Shaw ignored him. Or rather, he acted as though he was ignoring him. In truth, every sense, every inch of him, every second of awareness was focused on the sounds Fairwind made, his presence, and the shape of him in the darkness as they climbed out of the hollow together. The proof that he wasn’t alone. Shaw kept Fairwind in his line of sight at all times while they walked, and if he could feel his heart start to hammer in his chest whenever the darkness became too thick between them, well, it was only because he felt responsible for bringing the man back alive. Nothing more.
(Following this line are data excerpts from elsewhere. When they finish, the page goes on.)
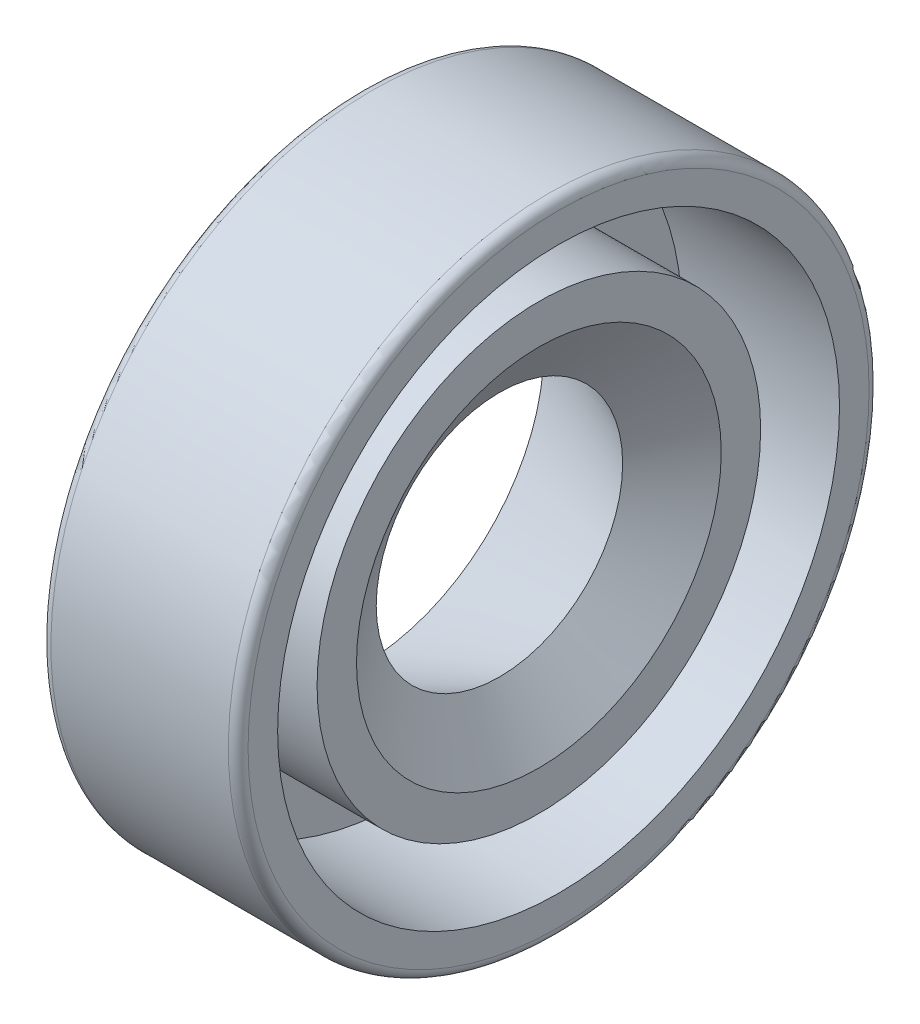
ISO-10303-21;
HEADER;
FILE_DESCRIPTION(('STEP AP214'),'2;1');
FILE_NAME('part.step','',(''),(''),'','','');
FILE_SCHEMA(('AUTOMOTIVE_DESIGN { 1 0 10303 214 1 1 1 1 }'));
ENDSEC;
DATA;
#1=APPLICATION_CONTEXT('core data for automotive mechanical design processes');
#2=APPLICATION_PROTOCOL_DEFINITION('international standard','automotive_design',2000,#1);
#3=PRODUCT_CONTEXT('',#1,'mechanical');
#4=PRODUCT('Part','Part','',(#3));
#5=PRODUCT_RELATED_PRODUCT_CATEGORY('part','',(#4));
#6=PRODUCT_DEFINITION_FORMATION('','',#4);
#7=PRODUCT_DEFINITION_CONTEXT('part definition',#1,'design');
#8=PRODUCT_DEFINITION('design','',#6,#7);
#9=PRODUCT_DEFINITION_SHAPE('','',#8);
#10=(LENGTH_UNIT() NAMED_UNIT(*) SI_UNIT(.MILLI.,.METRE.));
#11=(NAMED_UNIT(*) PLANE_ANGLE_UNIT() SI_UNIT($,.RADIAN.));
#12=(NAMED_UNIT(*) SI_UNIT($,.STERADIAN.) SOLID_ANGLE_UNIT());
#13=UNCERTAINTY_MEASURE_WITH_UNIT(LENGTH_MEASURE(1.E-05),#10,'distance_accuracy_value','');
#14=(GEOMETRIC_REPRESENTATION_CONTEXT(3) GLOBAL_UNCERTAINTY_ASSIGNED_CONTEXT((#13)) GLOBAL_UNIT_ASSIGNED_CONTEXT((#10,
#11,#12)) REPRESENTATION_CONTEXT('',''));
#15=CARTESIAN_POINT('',(0.,0.,0.));
#16=DIRECTION('',(0.,0.,1.));
#17=DIRECTION('',(1.,0.,0.));
#18=AXIS2_PLACEMENT_3D('',#15,#16,#17);
#19=CARTESIAN_POINT('',(-31.8,32.47,-32.));
#20=DIRECTION('',(-1.,0.,0.));
#21=DIRECTION('',(0.,0.,1.));
#22=AXIS2_PLACEMENT_3D('',#19,#20,#21);
#23=PLANE('',#22);
#24=CARTESIAN_POINT('',(-31.8000000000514,25.07,-32.));
#25=DIRECTION('',(1.,0.,0.));
#26=DIRECTION('',(0.,0.,-1.));
#27=AXIS2_PLACEMENT_3D('',#24,#25,#26);
#28=CIRCLE('',#27,7.39999999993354);
#29=CARTESIAN_POINT('',(-31.8000000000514,25.07,-39.3999999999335));
#30=VERTEX_POINT('',#29);
#31=EDGE_CURVE('E142',#30,#30,#28,.F.);
#32=ORIENTED_EDGE('',*,*,#31,.T.);
#33=EDGE_LOOP('',(#32));
#34=FACE_BOUND('',#33,.T.);
#35=CARTESIAN_POINT('',(-31.8,25.07,-32.));
#36=DIRECTION('',(1.,0.,0.));
#37=DIRECTION('',(0.,0.,-1.));
#38=AXIS2_PLACEMENT_3D('',#35,#36,#37);
#39=CIRCLE('',#38,9.);
#40=CARTESIAN_POINT('',(-31.8,25.07,-41.));
#41=VERTEX_POINT('',#40);
#42=EDGE_CURVE('E19',#41,#41,#39,.F.);
#43=ORIENTED_EDGE('',*,*,#42,.F.);
#44=EDGE_LOOP('',(#43));
#45=FACE_BOUND('',#44,.T.);
#46=ADVANCED_FACE('F15',(#34,#45),#23,.F.);
#47=CARTESIAN_POINT('',(-39.,25.07,-32.));
#48=DIRECTION('',(1.,0.,0.));
#49=DIRECTION('',(0.,0.,-1.));
#50=AXIS2_PLACEMENT_3D('',#47,#48,#49);
#51=CYLINDRICAL_SURFACE('',#50,9.);
#52=ORIENTED_EDGE('',*,*,#42,.T.);
#53=EDGE_LOOP('',(#52));
#54=FACE_BOUND('',#53,.T.);
#55=CARTESIAN_POINT('',(-37.4,25.07,-32.));
#56=DIRECTION('',(1.,0.,0.));
#57=DIRECTION('',(0.,0.,-1.));
#58=AXIS2_PLACEMENT_3D('',#55,#56,#57);
#59=CIRCLE('',#58,9.);
#60=CARTESIAN_POINT('',(-37.4,25.07,-41.));
#61=VERTEX_POINT('',#60);
#62=EDGE_CURVE('E140',#61,#61,#59,.T.);
#63=ORIENTED_EDGE('',*,*,#62,.T.);
#64=EDGE_LOOP('',(#63));
#65=FACE_BOUND('',#64,.T.);
#66=ADVANCED_FACE('F106',(#54,#65),#51,.T.);
#67=CARTESIAN_POINT('',(-31.8000000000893,25.07,-32.));
#68=DIRECTION('',(1.,0.,0.));
#69=DIRECTION('',(0.,0.,-1.));
#70=AXIS2_PLACEMENT_3D('',#67,#68,#69);
#71=CONICAL_SURFACE('',#70,7.39999999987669,0.982793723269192);
#72=CARTESIAN_POINT('',(-33.4,25.07,-32.));
#73=DIRECTION('',(-1.,0.,0.));
#74=DIRECTION('',(0.,1.,0.));
#75=AXIS2_PLACEMENT_3D('',#72,#73,#74);
#76=CIRCLE('',#75,5.);
#77=CARTESIAN_POINT('',(-33.4,30.07,-32.));
#78=VERTEX_POINT('',#77);
#79=EDGE_CURVE('E139',#78,#78,#76,.T.);
#80=ORIENTED_EDGE('',*,*,#79,.T.);
#81=EDGE_LOOP('',(#80));
#82=FACE_BOUND('',#81,.T.);
#83=ORIENTED_EDGE('',*,*,#31,.F.);
#84=EDGE_LOOP('',(#83));
#85=FACE_BOUND('',#84,.T.);
#86=ADVANCED_FACE('F102',(#82,#85),#71,.F.);
#87=CARTESIAN_POINT('',(-37.4,34.07,-32.));
#88=DIRECTION('',(-1.,0.,0.));
#89=DIRECTION('',(0.,0.,1.));
#90=AXIS2_PLACEMENT_3D('',#87,#88,#89);
#91=PLANE('',#90);
#92=ORIENTED_EDGE('',*,*,#62,.F.);
#93=EDGE_LOOP('',(#92));
#94=FACE_BOUND('',#93,.T.);
#95=CARTESIAN_POINT('',(-37.4,25.07,-32.));
#96=DIRECTION('',(1.,0.,0.));
#97=DIRECTION('',(0.,0.,-1.));
#98=AXIS2_PLACEMENT_3D('',#95,#96,#97);
#99=CIRCLE('',#98,11.4);
#100=CARTESIAN_POINT('',(-37.4,25.07,-43.4));
#101=VERTEX_POINT('',#100);
#102=EDGE_CURVE('E132',#101,#101,#99,.T.);
#103=ORIENTED_EDGE('',*,*,#102,.T.);
#104=EDGE_LOOP('',(#103));
#105=FACE_BOUND('',#104,.T.);
#106=ADVANCED_FACE('F98',(#94,#105),#91,.F.);
#107=CARTESIAN_POINT('',(-39.,25.07,-32.));
#108=DIRECTION('',(-1.,0.,0.));
#109=DIRECTION('',(0.,0.,1.));
#110=AXIS2_PLACEMENT_3D('',#107,#108,#109);
#111=CONICAL_SURFACE('',#110,7.4,0.404891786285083);
#112=CARTESIAN_POINT('',(-39.,25.07,-32.));
#113=DIRECTION('',(-1.,0.,0.));
#114=DIRECTION('',(0.,0.,1.));
#115=AXIS2_PLACEMENT_3D('',#112,#113,#114);
#116=CIRCLE('',#115,7.4);
#117=CARTESIAN_POINT('',(-39.,25.07,-24.6));
#118=VERTEX_POINT('',#117);
#119=EDGE_CURVE('E127',#118,#118,#116,.T.);
#120=ORIENTED_EDGE('',*,*,#119,.T.);
#121=EDGE_LOOP('',(#120));
#122=FACE_BOUND('',#121,.T.);
#123=ORIENTED_EDGE('',*,*,#79,.F.);
#124=EDGE_LOOP('',(#123));
#125=FACE_BOUND('',#124,.T.);
#126=ADVANCED_FACE('F94',(#122,#125),#111,.F.);
#127=CARTESIAN_POINT('',(-39.,25.07,-32.));
#128=DIRECTION('',(1.,0.,0.));
#129=DIRECTION('',(0.,0.,-1.));
#130=AXIS2_PLACEMENT_3D('',#127,#128,#129);
#131=CYLINDRICAL_SURFACE('',#130,11.4);
#132=ORIENTED_EDGE('',*,*,#102,.F.);
#133=EDGE_LOOP('',(#132));
#134=FACE_BOUND('',#133,.T.);
#135=CARTESIAN_POINT('',(-31.,25.07,-32.));
#136=DIRECTION('',(1.,0.,0.));
#137=DIRECTION('',(0.,0.,-1.));
#138=AXIS2_PLACEMENT_3D('',#135,#136,#137);
#139=CIRCLE('',#138,11.4);
#140=CARTESIAN_POINT('',(-31.,25.07,-43.4));
#141=VERTEX_POINT('',#140);
#142=EDGE_CURVE('E125',#141,#141,#139,.T.);
#143=ORIENTED_EDGE('',*,*,#142,.T.);
#144=EDGE_LOOP('',(#143));
#145=FACE_BOUND('',#144,.T.);
#146=ADVANCED_FACE('F90',(#134,#145),#131,.F.);
#147=CARTESIAN_POINT('',(-39.,37.67,-32.));
#148=DIRECTION('',(1.,0.,0.));
#149=DIRECTION('',(0.,0.,-1.));
#150=AXIS2_PLACEMENT_3D('',#147,#148,#149);
#151=PLANE('',#150);
#152=CARTESIAN_POINT('',(-39.,25.07,-32.));
#153=DIRECTION('',(1.,0.,0.));
#154=DIRECTION('',(0.,1.,0.));
#155=AXIS2_PLACEMENT_3D('',#152,#153,#154);
#156=CIRCLE('',#155,12.6);
#157=CARTESIAN_POINT('',(-39.,37.67,-32.));
#158=VERTEX_POINT('',#157);
#159=EDGE_CURVE('E124',#158,#158,#156,.T.);
#160=ORIENTED_EDGE('',*,*,#159,.F.);
#161=EDGE_LOOP('',(#160));
#162=FACE_BOUND('',#161,.T.);
#163=ORIENTED_EDGE('',*,*,#119,.F.);
#164=EDGE_LOOP('',(#163));
#165=FACE_BOUND('',#164,.T.);
#166=ADVANCED_FACE('F81',(#162,#165),#151,.F.);
#167=CARTESIAN_POINT('',(-31.,36.47,-32.));
#168=DIRECTION('',(-1.,0.,0.));
#169=DIRECTION('',(0.,0.,1.));
#170=AXIS2_PLACEMENT_3D('',#167,#168,#169);
#171=PLANE('',#170);
#172=ORIENTED_EDGE('',*,*,#142,.F.);
#173=EDGE_LOOP('',(#172));
#174=FACE_BOUND('',#173,.T.);
#175=CARTESIAN_POINT('',(-31.,25.07,-32.));
#176=DIRECTION('',(-1.,0.,0.));
#177=DIRECTION('',(0.,1.,0.));
#178=AXIS2_PLACEMENT_3D('',#175,#176,#177);
#179=CIRCLE('',#178,12.6);
#180=CARTESIAN_POINT('',(-31.,37.67,-32.));
#181=VERTEX_POINT('',#180);
#182=EDGE_CURVE('E28',#181,#181,#179,.T.);
#183=ORIENTED_EDGE('',*,*,#182,.F.);
#184=EDGE_LOOP('',(#183));
#185=FACE_BOUND('',#184,.T.);
#186=ADVANCED_FACE('F60',(#174,#185),#171,.F.);
#187=CARTESIAN_POINT('',(-38.6,25.07,-32.));
#188=DIRECTION('',(-1.,0.,0.));
#189=DIRECTION('',(0.,1.,0.));
#190=AXIS2_PLACEMENT_3D('',#187,#188,#189);
#191=TOROIDAL_SURFACE('',#190,12.6,0.4);
#192=CARTESIAN_POINT('',(-38.6,25.07,-32.));
#193=DIRECTION('',(1.,0.,0.));
#194=DIRECTION('',(0.,0.,-1.));
#195=AXIS2_PLACEMENT_3D('',#192,#193,#194);
#196=CIRCLE('',#195,13.);
#197=CARTESIAN_POINT('',(-38.6,25.07,-45.));
#198=VERTEX_POINT('',#197);
#199=EDGE_CURVE('E23',#198,#198,#196,.T.);
#200=ORIENTED_EDGE('',*,*,#199,.F.);
#201=EDGE_LOOP('',(#200));
#202=FACE_BOUND('',#201,.T.);
#203=ORIENTED_EDGE('',*,*,#159,.T.);
#204=EDGE_LOOP('',(#203));
#205=FACE_BOUND('',#204,.T.);
#206=ADVANCED_FACE('F56',(#202,#205),#191,.T.);
#207=CARTESIAN_POINT('',(-31.4,25.07,-32.));
#208=DIRECTION('',(-1.,0.,0.));
#209=DIRECTION('',(0.,1.,0.));
#210=AXIS2_PLACEMENT_3D('',#207,#208,#209);
#211=TOROIDAL_SURFACE('',#210,12.6,0.4);
#212=ORIENTED_EDGE('',*,*,#182,.T.);
#213=EDGE_LOOP('',(#212));
#214=FACE_BOUND('',#213,.T.);
#215=CARTESIAN_POINT('',(-31.4,25.07,-32.));
#216=DIRECTION('',(1.,0.,0.));
#217=DIRECTION('',(0.,0.,-1.));
#218=AXIS2_PLACEMENT_3D('',#215,#216,#217);
#219=CIRCLE('',#218,13.);
#220=CARTESIAN_POINT('',(-31.4,25.07,-45.));
#221=VERTEX_POINT('',#220);
#222=EDGE_CURVE('E10',#221,#221,#219,.F.);
#223=ORIENTED_EDGE('',*,*,#222,.F.);
#224=EDGE_LOOP('',(#223));
#225=FACE_BOUND('',#224,.T.);
#226=ADVANCED_FACE('F47',(#214,#225),#211,.T.);
#227=CARTESIAN_POINT('',(-39.,25.07,-32.));
#228=DIRECTION('',(1.,0.,0.));
#229=DIRECTION('',(0.,0.,-1.));
#230=AXIS2_PLACEMENT_3D('',#227,#228,#229);
#231=CYLINDRICAL_SURFACE('',#230,13.);
#232=ORIENTED_EDGE('',*,*,#222,.T.);
#233=EDGE_LOOP('',(#232));
#234=FACE_BOUND('',#233,.T.);
#235=ORIENTED_EDGE('',*,*,#199,.T.);
#236=EDGE_LOOP('',(#235));
#237=FACE_BOUND('',#236,.T.);
#238=ADVANCED_FACE('F17',(#234,#237),#231,.T.);
#239=CLOSED_SHELL('',(#46,#66,#86,#106,#126,#146,#166,#186,#206,#226,#238));
#240=MANIFOLD_SOLID_BREP('B1',#239);
#241=ADVANCED_BREP_SHAPE_REPRESENTATION('',(#18,#240),#14);
#242=SHAPE_DEFINITION_REPRESENTATION(#9,#241);
ENDSEC;
END-ISO-10303-21;

**Notes for the Chapter:**

> I wanted to put the notes at the end of the first chapter, rather than the beginning, because I thought it flowed better that way. The quote provided in the summary is an excerpt from the poem _Ghost House_ , by Robert Frost.
> 
> This story was started last year, 3 days before Halloween. I ran out of time and decided to save it for this year. As of right now I don't know how many chapters it will end up being. Additionally, I make no guarantees as to the actual scariness of this story, since it's all relative and these are things that _I_ prefer in my horror. I have no interest in slashers.
> 
> Please be aware that there are elements in later chapters which may be disturbing to some readers, but have not been tagged yet. That's because they're not written. Once I have a better idea of which tags will be most appropriate, I'll add them in as needed.
> 
> Be patient with what may seem like out-of-character behavior, remember this is a scary story.


	2. Chapter 2

Shaw wanted to believe that it was the following day when he finally reached the point of exhaustion, but he had long since lost track of the time. Of days at all, really. It could have been weeks. Months, even. He and Fairwind walked through the woods, no signs of life other than their own breathing, and the occasional glances at one another to ensure that they weren’t suddenly, terrifyingly alone. More than once he’d felt the back of Fairwind’s hand brush his own, and he thought at first that it must have been an accident. When he realized it wasn’t, a part of him was determined to believe that Fairwind was checking in for his own comfort. It wasn’t until he caught a pitying look in the near-darkness that Shaw knew it was for him.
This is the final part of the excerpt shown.